Въ ноябрѣ пошла ко дну рыбачья лодка и трое рыбаковъ утонули, но Лука и Ивонъ все еще были живы. Въ тотъ день, когда тѣла утонувшихъ прибило къ берегу, на землѣ лежалъ снѣгъ, но Ивонъ все же началъ готовиться, чтобы пойти на похороны, и Мари, не взирая на снѣгь и вѣтеръ, побѣжала похвастаться этимъ женѣ рыбака, у котораго жилъ Лука.
— Твой старикъ умреть первый, — сказала она, стряхивая снѣгь съ своихъ деревянныхъ башмаковъ на порогѣ. — Отецъ здоровѣе и крѣпче, чѣмъ когда либо, и несмотря на холодъ и снѣгъ, онъ идетъ на похороны…
Но Лука уже сидѣлъ у огня, одѣтый въ матросскую теплую куртку, съ шеей, окутанной вязяннымъ шарфомъ, и маленькій мальчикъ Лука надѣвалъ ему сапоги.
— Скажи Ивону, что я тоже буду на похоронахъ, — сказалъ старикъ, и Мари побѣжала назадъ домой посмотрѣть за тѣмъ, чтобы и ея отецъ былъ такъ же тепло закутанъ.
Съ океана черезъ скалы неслась сильная метель и отъ холода стучали даже зубы у священника, когда тѣла утонувшихъ матросовъ опускали въ промерзшія могилы. Но взоры всего села были сосредоточены на двухъ старикахъ, и во взглядахъ всѣхъ присутствовавшихъ были написаны почтительный страхъ и любопытство. Одинъ изъ нихъ двоихъ будетъ въ слѣдующемъ году самой Смертью, и кто знаетъ, въ какомъ страшномъ обликѣ будетъ приходить за живыми. Старики отказывались отъ всякой помощи, и чтобы показать, какъ они еще крѣпки, поплелись домой одни, безъ посторонней помощи, лишь подстегиваемые метелью…
На слѣдующій день оба старика были въ постели, слабо кашляя, кутаясь въ одѣяла старыми худыми пальцами, и въ перерывахъ между приступами кашля, справляясь другъ о другѣ.

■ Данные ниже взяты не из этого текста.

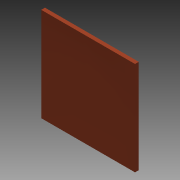
# Autodesk Inventor part: Copper Plate
Saved by Autodesk Inventor 2015 (Build 190159000, 159)
## iProperties
Created: 2015-10-12
Part Number: Copper Plate
Material: Copper
Document SubType Name: Modeling
Designer: Kyle
Density: 8.94 g/cm^3
Appearance: Copper - Satin
Author: Kyle
Autodesk Inventor part; units mm, degrees
ref_plane "YZ Plane" through (0, 0, 0) normal (1, 0, 0) x (0, 1, 0)
ref_plane "XZ Plane" through (0, 0, 0) normal (0, 1, 0) x (-1, 0, 0)
ref_plane "XY Plane" through (0, 0, 0) normal (0, 0, 1) x (1, 0, 0)
sketch "Sketch1" plane through (0, 0, 0) normal (0, 0, 1) x (1, 0, 0)
  line L0 (0, 0) -> (50.8, 0)
  line L1 (50.8, 0) -> (50.8, 50.8)
  line L2 (50.8, 50.8) -> (0, 50.8)
  line L3 (0, 50.8) -> (0, 0)
  dimension "d0" = 50.8
  dimension "d1" = 50.8
  constraints: 8 end point, 2 parallel, 1 horizontal, 1 perpendicular
  measures "d0" distance of L2.end L0.start
  measures "d1" distance of L0.start L0.end
extrude "Extrusion1" add sketch "Sketch1" along normal blind 2.032
body "Solid1"
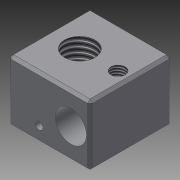
# Autodesk Inventor part: E3D_Heaterblock
Saved by Autodesk Inventor 2014 (Build 180170000, 170)
## iProperties
Created: 2014-09-30
Part Number: E3D_Heaterblock
Material: Generic
Document SubType Name: Modeling
Designer: ThatOtherGuy
Density: 1 g/cm^3
Appearance: Default
Author: ThatOtherGuy
Autodesk Inventor part; units mm, degrees
ref_plane "YZ Plane" through (0, 0, 0) normal (1, 0, 0) x (0, 1, 0)
ref_plane "XZ Plane" through (0, 0, 0) normal (0, 1, 0) x (-1, 0, 0)
ref_plane "XY Plane" through (0, 0, 0) normal (0, 0, 1) x (1, 0, 0)
sketch "Sketch1" plane through (0, 0, 0) normal (0, 0, 1) x (1, 0, 0)
  line L0 (0, 0) -> (16, 0)
  line L1 (16, 0) -> (16, 16)
  line L2 (16, 16) -> (0, 16)
  line L3 (0, 16) -> (0, 0)
  dimension "d0" = 16
  dimension "d1" = 16
  constraints: 8 end point, 2 parallel, 1 horizontal, 1 perpendicular
  measures "d0" distance of L1.end L2.end
  measures "d1" distance of L2.end L0.start
extrude "Extrusion1" add sketch "Sketch1" along normal blind 12
sketch "Sketch3" plane through (0, 0, 0) normal (0, -1, 0) x (1, 0, 0)
  line L0 (0, 0) -> (16, 0) projected
  line L1 (0, 0) -> (0, 12) projected
  circle A0 centre (6, 3) radius 0.75
  circle A1 centre (12.25, 6) radius 3.05
  dimension "d10" = 6.1
  dimension "d11" = 1.5
  dimension "d12" = 3
  dimension "d13" = 6
  dimension "d14" = 6
  dimension "d15" = 12.25
  constraints: 2 centre point
  measures "d10" diameter of A1
  measures "d11" diameter of A0
  measures "d12" distance from line of L0 A0.centre
  measures "d13" distance from line of L1 A0.centre
  measures "d14" distance from line of A1.centre L0
  measures "d15" distance from line of L1 A1.centre
sketch "Sketch2" plane through (0, 0, 12) normal (0, 0, 1) x (1, 0, 0)
  line L0 (0, 16) -> (0, 0) projected
  circle A0 centre (6, 8) radius 3
  circle A1 centre (13.5, 8) radius 1.4
  point P0 (0, 8)
  dimension "d4" = 13.5
  dimension "d5" = 6
  dimension "d6" = 6
  dimension "d7" = 2.8
  constraints: 2 centre point, 2 horizontal alignment, 1 midpoint
  measures "d4" distance from line of L0 A1.centre
  measures "d5" distance from line of L0 A0.centre
  measures "d6" diameter of A0
  measures "d7" diameter of A1
chamfer "Chamfer1" distance 0.5 angle 45 12 edges at (0, 0, 6) (8, 0, 12) (0, 8, 12) (8, 16, 12) (0, 16, 6) (0, 8, 0) (8, 16, 0) (8, 0, 0) (16, 8, 0) (16, 8, 12) (16, 0, 6) (16, 16, 6)
extrude "Extrusion4" cut sketch "Sketch3" against normal up to next
extrude "Extrusion5" cut sketch "Sketch2" against normal up to next
thread "Thread1" size "M6x1" class "6H" standard "ANSI Metric M Profile" full length
thread "Thread2" size "M3x0.5" class "6H" standard "ANSI Metric M Profile" full length
body "Solid1"

Съ того дня ни тотъ, ни другой больше не вставали; они лежали и медленно умирали, какъ предвидѣли, тая каждый лишь одну надежду, что другой умретъ раньше, а самъ онъ умретъ послѣднимъ передъ Новымъ годомъ, и такимъ образомъ въ теченіе двѣнадцати мѣсяцевъ будетъ держать косу Смерти.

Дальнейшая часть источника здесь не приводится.